Une meilleure maîtrise des frontières
L’analyste estime que l’idée aura du mal à se concrétiser sur le terrain. Pour quelles raisons? D’abord, sur le plan diplomatique, les pays où sévit le terrorisme, dans la sous-région ouest africaine, notamment le Mali, le Burkina Faso, “sont en froid avec la CEDEAO parce qu’il y a eu des luttes constitutionnelles dans ces différents pays”. Ainsi, M.Traoré voit mal comment ces États pourraient coopérer avec la CEDEAO pour réaliser cette initiative.
“Sur le plan militaire, je pense que le contexte actuel de la lutte contre le terrorisme requiert une coordination entre les forces armées des États de la sous-région et non la création d’une autre forme, d’une autre force, disons, pour combattre le terrorisme.”
Selon l’interlocuteur de Sputnik, la façon la plus efficace de confronter les terroristes, c’est de créer les conditions d’une bonne coordination des forces au niveau des États, notamment le long des frontières.
“La meilleure maîtrise des frontières et cela revient à revoir, notamment en ce qui concerne ce qu’on appelle le droit des suites, qui permet à un État voisin d’intervenir dans un autre État, bien sûr, sur la base des conventions préétablies.
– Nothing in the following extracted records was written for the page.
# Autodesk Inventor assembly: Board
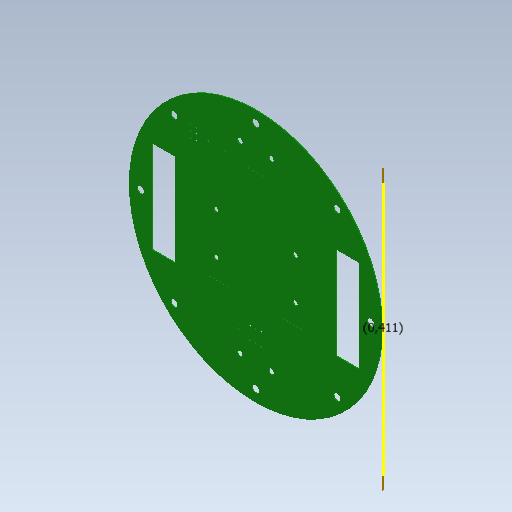
[picture p0: Inventor's stored thumbnail of the model, 512x512]
Saved by Autodesk Inventor 2020 (Build 240168000, 168)
## iProperties
Created: 2020-05-07
Part Number: Board
Document SubType Name: Assembly
Designer: jamnissa
Mass: 3.54107 g
Surface Area: 175.173 cm^2
Volume: 3.54107 cm^3
Density: 1 g/cm^3
Author: jamnissa
## Documents named in this file (2)
- C:\Users\jama1\Documents\GitHub\JRobots\pcbCase\Board\Board.iam
- C:\Users\jama1\Documents\GitHub\JRobots\pcbCase\Board\Open CASCADE STEP translator 6.8 1.1.1.ipt
## Components (1 placed, 1 different names)
1. Open CASCADE STEP translator 6.8 1.1.1_1 — Угол:1, Касательность:1
## Relationships (2: Angle 1, Tangent 1)
- Угол:1 [Angle] (0 deg): Open CASCADE STEP translator 6.8 1.1.1_1
- Касательность:1 [Tangent]: Open CASCADE STEP translator 6.8 1.1.1_1
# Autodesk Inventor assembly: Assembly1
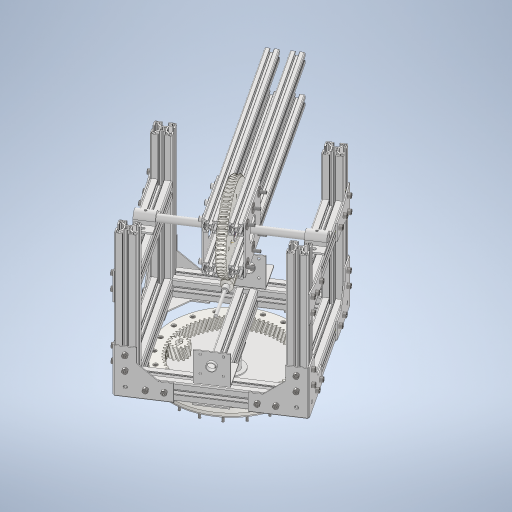
[picture p0: Inventor's stored thumbnail of the model, 512x512]
Saved by Autodesk Inventor 2024 (Build 280153000, 153)
## iProperties
Created: 2025-12-08
Part Number: Assembly1
Document SubType Name: Assembly
Designer: schar
Author: schar
## Documents named in this file (30)
- C:\Users\schar\Desktop\projectBlueprint\AMSTS\hardware\Assembly1.iam
- C:\Users\schar\Desktop\projectBlueprint\AMSTS\hardware\3030_200.ipt
- C:\Users\schar\Desktop\projectBlueprint\AMSTS\hardware\Connect2x3030_m6.ipt
- C:\Users\schar\Desktop\projectBlueprint\AMSTS\hardware\3030_tnut_m6.ipt
- C:\Users\schar\Documents\Inventor\Content Center Files\R2024\en-US\AS 1420\AS 1420 - 1973 - M5 x 10.ipt
- C:\Users\schar\Desktop\projectBlueprint\AMSTS\hardware\3030_260.ipt
- C:\Users\schar\Desktop\projectBlueprint\AMSTS\hardware\3030_connector_assembled.iam
- C:\Users\schar\Desktop\projectBlueprint\AMSTS\hardware\3030_connector_assembled_MIR.iam
- C:\Users\schar\Desktop\projectBlueprint\AMSTS\hardware\3030_connector_assembled_MIR1.iam
- C:\Users\schar\Desktop\projectBlueprint\AMSTS\hardware\3030_connector_assembled_MIR_MIR.iam
- C:\Users\schar\Desktop\projectBlueprint\AMSTS\hardware\3030_T_connector_assembled.iam
- C:\Users\schar\Desktop\projectBlueprint\AMSTS\hardware\3030_T_connector_assembled_MIR1.iam
- C:\Users\schar\Desktop\projectBlueprint\AMSTS\hardware\NEMA 17 - MS17HD2.iam
- C:\Users\schar\Desktop\projectBlueprint\AMSTS\hardware\wormgear_pol_base.iam
- C:\Users\schar\Desktop\projectBlueprint\AMSTS\hardware\base_axis_static_12mm.ipt
- C:\Users\schar\Desktop\projectBlueprint\AMSTS\hardware\base_axis_12mm.ipt
- C:\Users\schar\Desktop\projectBlueprint\AMSTS\hardware\NEMA17-3030-m6-holder.ipt
- C:\Users\schar\Desktop\projectBlueprint\AMSTS\hardware\3030_tnut_m6_main.ipt
- C:\Users\schar\Desktop\projectBlueprint\AMSTS\hardware\basis-bearing-3030-m6-holder.ipt
- C:\Users\schar\Desktop\projectBlueprint\AMSTS\hardware\wormgear_axis_6mm.ipt
- C:\Users\schar\Desktop\projectBlueprint\AMSTS\hardware\wormgear_worm_axes_holder.ipt
- C:\Users\schar\Desktop\projectBlueprint\AMSTS\hardware\bearing_shaft_base_mount.ipt
- C:\Users\schar\Desktop\projectBlueprint\AMSTS\hardware\az_rot_plate.iam
- C:\Users\schar\Desktop\projectBlueprint\AMSTS\hardware\transversal-2l-stabilizer.ipt
- C:\Users\schar\Desktop\projectBlueprint\AMSTS\hardware\the_part_that_holds_everything_together.ipt
- C:\Users\schar\Desktop\projectBlueprint\AMSTS\hardware\6901.iam
- C:\Users\schar\Desktop\projectBlueprint\AMSTS\hardware\2020_400.ipt
- C:\Users\schar\Desktop\projectBlueprint\AMSTS\hardware\mount_plate_4x2020.ipt
- C:\Users\schar\Documents\Inventor\Content Center Files\R2024\en-US\DIN 9021\DIN 9021 - 5,3.ipt
- C:\Users\schar\Desktop\projectBlueprint\AMSTS\hardware\m5x70.ipt
## Components (105 placed, 29 different names)
1. wormgear_axis_6mm:1 — Mate:61, Mate:62, Mate:63, Mate:64, Mate:65
2. wormgear_worm_axes_holder:1 — Mate:64, Mate:65, Rotational:26
3. 3030_tnut_m6_main:17 — Rotational:21
4. 3030_tnut_m6_main:18 — Rotational:22
5. bearing_shaft_base_mount:1 — Mate:102, Flush:37, Flush:38, Rotational:21, Rotational:22, Mate:103, Rotational:25
6. az_rot_plate:1 [sub-assembly] — Mate:103, Tangent:1, Rotational:23, Rotational:24
7. transversal-2l-stabilizer:1 — Mate:104, Mate:105, Mate:106
8. the_part_that_holds_everything_together:1 — Rotational:24, Rotational:25
9. 6901:1 [sub-assembly] — Rotational:23
10. 2020_400:1 — Mate:109, Mate:113, Mate:114, Mate:121
11. 2020_400:2 — Mate:107, Mate:117, Mate:118, Mate:122, Mate:123
12. 2020_400:3 — Mate:110, Mate:111, Mate:112, Mate:124
13. 2020_400:4 — Mate:108, Mate:115, Mate:116, Mate:119, Mate:120
14. mount_plate_4x2020:1 — Mate:119, Mate:120, Mate:121, Mate:125, Mate:127
15. mount_plate_4x2020:2 — Mate:122, Mate:123, Mate:124, Mate:130
16. 3030_200:1 — Mate:1, Mate:2, Flush:1, Flush:2, Mate:4, Flush:5, Flush:6, Symmetry:1, Mate:30, Mate:45, Flush:18, Mate:48
17. 3030_200:2 — Mate:3, Flush:3, Flush:4, Mate:6, Flush:9, Flush:10, Symmetry:2
18. Connect2x3030_m6:1 — Mate:1, Mate:2, Flush:1, Flush:2, Mate:3, Flush:3, Flush:4, Rigid:1, Rotational:5, Rotational:6, Rotational:7, Insert:11, Insert:12, Insert:14, Insert:15, Mate:19, Mate:20, Mate:21, Mate:36, Mate:37
19. Connect2x3030_m6:2 — Mate:4, Flush:5, Flush:6, Mate:5, Flush:7, Flush:8, Rotational:1, Rotational:2, Rotational:3, Rotational:4, Insert:6, Insert:7, Insert:9, Insert:10, Mate:10, Mate:11, Mate:12, Mate:32, Mate:33
20. Connect2x3030_m6:3 — Mate:8, Flush:11, Flush:12, Rotational:12, Rotational:13, Rotational:14, Rotational:15, Insert:1, Insert:2, Insert:4, Insert:5, Mate:13, Mate:14, Mate:15, Mate:40, Mate:41
21. Connect2x3030_m6:4 — Mate:6, Flush:9, Flush:10, Mate:7, Flush:13, Mate:9, Flush:14, Rotational:8, Rotational:9, Rotational:10, Rotational:11, Insert:16, Insert:17, Insert:18, Insert:20, Mate:16, Mate:17, Mate:18, Mate:23, Flush:15, Mate:25
22. 3030_200:3 — Mate:5, Flush:7, Flush:8, Mate:8, Flush:11, Flush:12, Symmetry:2, Mate:52, Angle:1, Mate:104, Mate:106
23. 3030_200:4 — Flush:13, Mate:9, Flush:14, Symmetry:1, Mate:53, Flush:23
24. 3030_connector_assembled:1 [sub-assembly] — Mate:24, Mate:25, Mate:26
25. 3030_connector_assembled:2 [sub-assembly] — Mate:22, Mate:23, Flush:15, Mate:26
26. 3030_connector_assembled_MIR:1 [sub-assembly] — Mate:27, Mate:39, Mate:40
27. 3030_connector_assembled_MIR:2 [sub-assembly] — Mate:27, Mate:38, Mate:41
28. 3030_connector_assembled_MIR1:1 [sub-assembly] — Mate:28, Mate:34, Mate:37
29. 3030_connector_assembled_MIR1:2 [sub-assembly] — Mate:28, Mate:35, Mate:36
30. 3030_connector_assembled_MIR_MIR:1 [sub-assembly] — Mate:29, Mate:30, Mate:33
31. 3030_connector_assembled_MIR_MIR:2 [sub-assembly] — Mate:29, Mate:31, Mate:32, Mate:105
32. 3030_260:1 — Mate:10, Mate:11, Mate:12, Mate:31, Mate:49, Flush:20
33. 3030_260:2 — Mate:13, Mate:14, Mate:15, Mate:38, Mate:39, Mate:42, Flush:16
34. 3030_260:3 — Mate:16, Mate:17, Mate:18, Mate:22, Mate:24, Mate:43, Flush:17
35. 3030_260:4 — Mate:19, Mate:20, Mate:21, Mate:34, Mate:35, Mate:50, Flush:21
36. NEMA 17 - MS17HD2:1 [sub-assembly] — Rotational:19, Rotational:20, Mate:61, Mate:62
37. wormgear_pol_base:1 [sub-assembly] — Rigid:2, Mate:63, Rotational:26, Mate:107, Mate:108, Mate:109, Mate:110, Mate:111, Mate:112, Mate:113, Mate:114, Mate:115, Mate:116, Mate:117, Mate:118
38. base_axis_static_12mm:1 — Flush:30, Mate:57, Insert:22
39. base_axis_static_12mm:2 — Mate:58, Flush:31, Flush:32, Insert:21
40. base_axis_12mm:1 — Insert:21, Insert:22, Rigid:2
41. basis-bearing-3030-m6-holder:1 — Mate:60, Flush:36, Insert:23, Insert:24
42. NEMA17-3030-m6-holder:1 — Mate:59, Flush:33, Insert:25, Insert:26, Rotational:19, Rotational:20
43. 3030_T_connector_assembled:1 [sub-assembly] — Mate:43, Flush:17, Mate:56, Flush:29
44. 3030_T_connector_assembled:2 [sub-assembly] — Mate:42, Flush:16, Flush:26
45. 3030_T_connector_assembled_MIR1:1 [sub-assembly] — Mate:50, Flush:21, Mate:55, Flush:27, Flush:28
46. 3030_T_connector_assembled_MIR1:2 [sub-assembly] — Mate:49, Flush:20, Mate:54, Flush:24, Flush:25
47. 3030_T_connector_assembled:3 [sub-assembly] — Mate:45, Flush:18, Mate:47, Flush:19
48. 3030_200:5 — Mate:47, Mate:48, Flush:19, Mate:52, Flush:22, Mate:59, Flush:33, Mate:60, Flush:36, Mate:102, Flush:37, Flush:38
49. 3030_T_connector_assembled:4 [sub-assembly] — Mate:53, Flush:22, Flush:23
50. 3030_200:6 — Mate:55, Flush:27, Flush:28, Mate:56, Flush:29, Flush:30, Mate:57
51. 3030_200:7 — Mate:54, Flush:24, Flush:25, Flush:26, Mate:58, Flush:31, Flush:32
52. 3030_tnut_m6:1 — Rotational:12
53. 3030_tnut_m6:2 — Rotational:11
54. 3030_tnut_m6:3 — Rigid:1
55. 3030_tnut_m6:4 — Rotational:1
56. 3030_tnut_m6:5 — Rotational:13
57. 3030_tnut_m6:6 — Rotational:10
58. 3030_tnut_m6:7 — Rotational:5
59. 3030_tnut_m6:8 — Rotational:2
60. 3030_tnut_m6:9 — Rotational:15
61. 3030_tnut_m6:10 — Rotational:8
62. 3030_tnut_m6:11 — Rotational:6
63. 3030_tnut_m6:12 — Rotational:4
64. 3030_tnut_m6:13 — Rotational:14
65. 3030_tnut_m6:14 — Rotational:9
66. 3030_tnut_m6:15 — Rotational:7
67. 3030_tnut_m6:16 — Rotational:3
68. AS 1420 - Metric M5 x 10:1 — Insert:1
69. AS 1420 - Metric M5 x 10:2 — Insert:2
70. AS 1420 - Metric M5 x 10:4 — Insert:4
71. AS 1420 - Metric M5 x 10:5 — Insert:5
72. AS 1420 - Metric M5 x 10:6 — Insert:6
73. AS 1420 - Metric M5 x 10:7 — Insert:7
74. AS 1420 - Metric M5 x 10:9 — Insert:9
75. AS 1420 - Metric M5 x 10:10 — Insert:10
76. AS 1420 - Metric M5 x 10:11 — Insert:11
77. AS 1420 - Metric M5 x 10:12 — Insert:12
78. AS 1420 - Metric M5 x 10:14 — Insert:14
79. AS 1420 - Metric M5 x 10:15 — Insert:15
80. AS 1420 - Metric M5 x 10:16 — Insert:16
81. AS 1420 - Metric M5 x 10:17 — Insert:17
82. AS 1420 - Metric M5 x 10:18 — Insert:18
83. AS 1420 - Metric M5 x 10:20 — Insert:20
84. AS 1420 - Metric M5 x 10:21 — Insert:23
85. AS 1420 - Metric M5 x 10:22 — Insert:24
86. AS 1420 - Metric M5 x 10:23 — Insert:25
87. AS 1420 - Metric M5 x 10:24 — Insert:26
88. DIN 9021 5,3:9
89. DIN 9021 5,3:13
90. DIN 9021 5,3:14
91. DIN 9021 5,3:15
92. DIN 9021 5,3:16
93. DIN 9021 5,3:17 — Mate:129, Mate:130
94. DIN 9021 5,3:1
95. DIN 9021 5,3:18
96. DIN 9021 5,3:19
97. DIN 9021 5,3:20
98. DIN 9021 5,3:21 — Mate:126, Mate:127, Mate:128
99. DIN 9021 5,3:22
100. m5x70:1 — Mate:125, Mate:126, Mate:128, Mate:129
101. m5x70:2
102. m5x70:3
103. m5x70:4
104. m5x70:5
105. m5x70:6
## Component patterns: (6 elements, first: DIN 9021 5,3:9), (6 elements, first: DIN 9021 5,3:1), (6 elements, first: m5x70:1)
## Relationships (178: Mate 91, Flush 36, RevoluteJoint 23, Insert 22, WeldJoint 2, Symmetry 2, Angle 1, Tangent 1)
- Mate:1: 3030_200:1 ↔ Connect2x3030_m6:1
- Mate:2: 3030_200:1 ↔ Connect2x3030_m6:1
- Flush:1: 3030_200:1 ↔ Connect2x3030_m6:1
- Flush:2 (30 mm): 3030_200:1 ↔ Connect2x3030_m6:1
- Mate:3: 3030_200:2 ↔ Connect2x3030_m6:1
- Flush:3 (30 mm): 3030_200:2 ↔ Connect2x3030_m6:1
- Flush:4: 3030_200:2 ↔ Connect2x3030_m6:1
- Mate:4: 3030_200:1 ↔ Connect2x3030_m6:2
- Flush:5 (-30 mm): 3030_200:1 ↔ Connect2x3030_m6:2
- Flush:6: 3030_200:1 ↔ Connect2x3030_m6:2
- Mate:5: Connect2x3030_m6:2 ↔ 3030_200:3
- Flush:7 (30 mm): Connect2x3030_m6:2 ↔ 3030_200:3
- Flush:8: Connect2x3030_m6:2 ↔ 3030_200:3
- Mate:6: 3030_200:2 ↔ Connect2x3030_m6:4
- Flush:9 (-30 mm): 3030_200:2 ↔ Connect2x3030_m6:4
- Flush:10: 3030_200:2 ↔ Connect2x3030_m6:4
- Mate:7: Connect2x3030_m6:4
- Mate:8: Connect2x3030_m6:3 ↔ 3030_200:3
- Flush:11 (-30 mm): Connect2x3030_m6:3 ↔ 3030_200:3
- Flush:12: Connect2x3030_m6:3 ↔ 3030_200:3
- Flush:13: Connect2x3030_m6:4 ↔ 3030_200:4
- Mate:9: Connect2x3030_m6:4 ↔ 3030_200:4
- Flush:14 (-30 mm): Connect2x3030_m6:4 ↔ 3030_200:4
- Rotational:1 [RevoluteJoint] (-0.357 mm): Connect2x3030_m6:2 ↔ 3030_tnut_m6:4
- Rotational:2 [RevoluteJoint] (-0.357 mm): Connect2x3030_m6:2 ↔ 3030_tnut_m6:8
- Rotational:3 [RevoluteJoint] (-0.357 mm): Connect2x3030_m6:2 ↔ 3030_tnut_m6:16
- Rotational:4 [RevoluteJoint] (-0.357 mm): Connect2x3030_m6:2 ↔ 3030_tnut_m6:12
- Rigid:1 [WeldJoint] (-0.357 mm): Connect2x3030_m6:1 ↔ 3030_tnut_m6:3
- Rotational:5 [RevoluteJoint] (-0.357 mm): Connect2x3030_m6:1 ↔ 3030_tnut_m6:7
- Rotational:6 [RevoluteJoint] (-0.357 mm): Connect2x3030_m6:1 ↔ 3030_tnut_m6:11
- Rotational:7 [RevoluteJoint] (-0.357 mm): Connect2x3030_m6:1 ↔ 3030_tnut_m6:15
- Rotational:8 [RevoluteJoint] (-0.357 mm): Connect2x3030_m6:4 ↔ 3030_tnut_m6:10
- Rotational:9 [RevoluteJoint] (-0.357 mm): Connect2x3030_m6:4 ↔ 3030_tnut_m6:14
- Rotational:10 [RevoluteJoint] (-0.357 mm): Connect2x3030_m6:4 ↔ 3030_tnut_m6:6
- Rotational:11 [RevoluteJoint] (-0.357 mm): Connect2x3030_m6:4 ↔ 3030_tnut_m6:2
- Rotational:12 [RevoluteJoint] (-0.357 mm): Connect2x3030_m6:3 ↔ 3030_tnut_m6:1
- Rotational:13 [RevoluteJoint]: Connect2x3030_m6:3 ↔ 3030_tnut_m6:5
- Rotational:14 [RevoluteJoint] (-0.357 mm): Connect2x3030_m6:3 ↔ 3030_tnut_m6:13
- Rotational:15 [RevoluteJoint] (-0.357 mm): Connect2x3030_m6:3 ↔ 3030_tnut_m6:9
- Insert:1: Connect2x3030_m6:3 ↔ AS 1420 - Metric M5 x 10:1
- Insert:2: Connect2x3030_m6:3 ↔ AS 1420 - Metric M5 x 10:2
- Insert:4: Connect2x3030_m6:3 ↔ AS 1420 - Metric M5 x 10:4
- Insert:5: Connect2x3030_m6:3 ↔ AS 1420 - Metric M5 x 10:5
- Insert:6: Connect2x3030_m6:2 ↔ AS 1420 - Metric M5 x 10:6
- Insert:7: Connect2x3030_m6:2 ↔ AS 1420 - Metric M5 x 10:7
- Insert:9: Connect2x3030_m6:2 ↔ AS 1420 - Metric M5 x 10:9
- Insert:10: Connect2x3030_m6:2 ↔ AS 1420 - Metric M5 x 10:10
- Insert:11: Connect2x3030_m6:1 ↔ AS 1420 - Metric M5 x 10:11
- Insert:12: Connect2x3030_m6:1 ↔ AS 1420 - Metric M5 x 10:12
- Insert:14: Connect2x3030_m6:1 ↔ AS 1420 - Metric M5 x 10:14
- Insert:15: Connect2x3030_m6:1 ↔ AS 1420 - Metric M5 x 10:15
- Insert:16: Connect2x3030_m6:4 ↔ AS 1420 - Metric M5 x 10:16
- Insert:17: Connect2x3030_m6:4 ↔ AS 1420 - Metric M5 x 10:17
- Insert:18: Connect2x3030_m6:4 ↔ AS 1420 - Metric M5 x 10:18
- Insert:20: Connect2x3030_m6:4 ↔ AS 1420 - Metric M5 x 10:20
- Mate:10: Connect2x3030_m6:2 ↔ 3030_260:1
- Mate:11: Connect2x3030_m6:2 ↔ 3030_260:1
- Mate:12: Connect2x3030_m6:2 ↔ 3030_260:1
- Mate:13: Connect2x3030_m6:3 ↔ 3030_260:2
- Mate:14: Connect2x3030_m6:3 ↔ 3030_260:2
- Mate:15: Connect2x3030_m6:3 ↔ 3030_260:2
- Mate:16: Connect2x3030_m6:4 ↔ 3030_260:3
- Mate:17: Connect2x3030_m6:4 ↔ 3030_260:3
- Mate:18: Connect2x3030_m6:4 ↔ 3030_260:3
- Mate:19: Connect2x3030_m6:1 ↔ 3030_260:4
- Mate:20: Connect2x3030_m6:1 ↔ 3030_260:4
- Mate:21: Connect2x3030_m6:1 ↔ 3030_260:4
- Symmetry:1: 3030_200:1 ↔ 3030_200:4
- Mate:22: 3030_connector_assembled:2 ↔ 3030_260:3
- Mate:23: Connect2x3030_m6:4 ↔ 3030_connector_assembled:2
- Flush:15: Connect2x3030_m6:4 ↔ 3030_connector_assembled:2
- Mate:24: 3030_connector_assembled:1 ↔ 3030_260:3
- Mate:25: Connect2x3030_m6:4 ↔ 3030_connector_assembled:1
- Mate:26: 3030_connector_assembled:1 ↔ 3030_connector_assembled:2
- Symmetry:2: 3030_200:2 ↔ 3030_200:3
- Mate:27: 3030_connector_assembled_MIR:1 ↔ 3030_connector_assembled_MIR:2
- Mate:28: 3030_connector_assembled_MIR1:1 ↔ 3030_connector_assembled_MIR1:2
- Mate:29: 3030_connector_assembled_MIR_MIR:1 ↔ 3030_connector_assembled_MIR_MIR:2
- Mate:30: 3030_200:1 ↔ 3030_connector_assembled_MIR_MIR:1
- Mate:31: 3030_connector_assembled_MIR_MIR:2 ↔ 3030_260:1
- Mate:32: Connect2x3030_m6:2 ↔ 3030_connector_assembled_MIR_MIR:2
- Mate:33: Connect2x3030_m6:2 ↔ 3030_connector_assembled_MIR_MIR:1
- Mate:34: 3030_connector_assembled_MIR1:1 ↔ 3030_260:4
- Mate:35: 3030_connector_assembled_MIR1:2 ↔ 3030_260:4
- Mate:36: Connect2x3030_m6:1 ↔ 3030_connector_assembled_MIR1:2
- Mate:37: Connect2x3030_m6:1 ↔ 3030_connector_assembled_MIR1:1
- Mate:38: 3030_connector_assembled_MIR:2 ↔ 3030_260:2
- Mate:39: 3030_connector_assembled_MIR:1 ↔ 3030_260:2
- Mate:40: Connect2x3030_m6:3 ↔ 3030_connector_assembled_MIR:1
- Mate:41: Connect2x3030_m6:3 ↔ 3030_connector_assembled_MIR:2
- Mate:42: 3030_260:2 ↔ 3030_T_connector_assembled:2
- Flush:16: 3030_260:2 ↔ 3030_T_connector_assembled:2
- Mate:43: 3030_260:3 ↔ 3030_T_connector_assembled:1
- Flush:17: 3030_260:3 ↔ 3030_T_connector_assembled:1
- Mate:45: 3030_200:1 ↔ 3030_T_connector_assembled:3
- Flush:18: 3030_200:1 ↔ 3030_T_connector_assembled:3
- Mate:47: 3030_T_connector_assembled:3 ↔ 3030_200:5
- Mate:48: 3030_200:1 ↔ 3030_200:5
- Flush:19: 3030_T_connector_assembled:3 ↔ 3030_200:5
- Mate:49: 3030_260:1 ↔ 3030_T_connector_assembled_MIR1:2
- Flush:20: 3030_260:1 ↔ 3030_T_connector_assembled_MIR1:2
- Mate:50: 3030_260:4 ↔ 3030_T_connector_assembled_MIR1:1
- Flush:21: 3030_260:4 ↔ 3030_T_connector_assembled_MIR1:1
- Mate:52 (85 mm): 3030_200:3 ↔ 3030_200:5
- Mate:53: 3030_200:4 ↔ 3030_T_connector_assembled:4
- Flush:22: 3030_200:5 ↔ 3030_T_connector_assembled:4
- Flush:23: 3030_200:4 ↔ 3030_T_connector_assembled:4
- Mate:54: 3030_T_connector_assembled_MIR1:2 ↔ 3030_200:7
- Flush:24: 3030_T_connector_assembled_MIR1:2 ↔ 3030_200:7
- Flush:25 (-30 mm): 3030_T_connector_assembled_MIR1:2 ↔ 3030_200:7
- Flush:26: 3030_T_connector_assembled:2 ↔ 3030_200:7
- Mate:55: 3030_T_connector_assembled_MIR1:1 ↔ 3030_200:6
- Flush:27: 3030_T_connector_assembled_MIR1:1 ↔ 3030_200:6
- Flush:28 (30 mm): 3030_T_connector_assembled_MIR1:1 ↔ 3030_200:6
- Mate:56: 3030_T_connector_assembled:1 ↔ 3030_200:6
- Flush:29: 3030_T_connector_assembled:1 ↔ 3030_200:6
- Flush:30: base_axis_static_12mm:1 ↔ 3030_200:6
- Mate:57: base_axis_static_12mm:1 ↔ 3030_200:6
- Mate:58: base_axis_static_12mm:2 ↔ 3030_200:7
- Flush:31: base_axis_static_12mm:2 ↔ 3030_200:7
- Flush:32 (-75 mm): base_axis_static_12mm:2 ↔ 3030_200:7
- Insert:21: base_axis_static_12mm:2 ↔ base_axis_12mm:1
- Insert:22: base_axis_static_12mm:1 ↔ base_axis_12mm:1
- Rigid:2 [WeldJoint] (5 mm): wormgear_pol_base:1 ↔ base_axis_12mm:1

Donc, je pense qu’il vaut mieux revoir ce droit des suites et mettre en place les mécanismes de coordination au plan du renseignement, au plan opérationnel pour faire face au terrorisme. Ceci me paraît plus efficace.”
Mises en œuvre difficile
Et comme l’a rappelé à Sputnik Serge Atiana Oulon, journaliste-écrivain burkinabè, spécialiste dans les questions de sécurité, ce n’est pas la première fois que la CEDEAO annonce des mesures pour lutter contre le terrorisme dans la région.
“Il faut attendre de voir la création et l’existence de cette force avant d’apprécier. À mon avis ce sont des déclarations dont les mises en œuvre seront difficiles d’autant que d’un pays à un autre les réalités démocratiques et de gouvernance ne sont pas les mêmes.”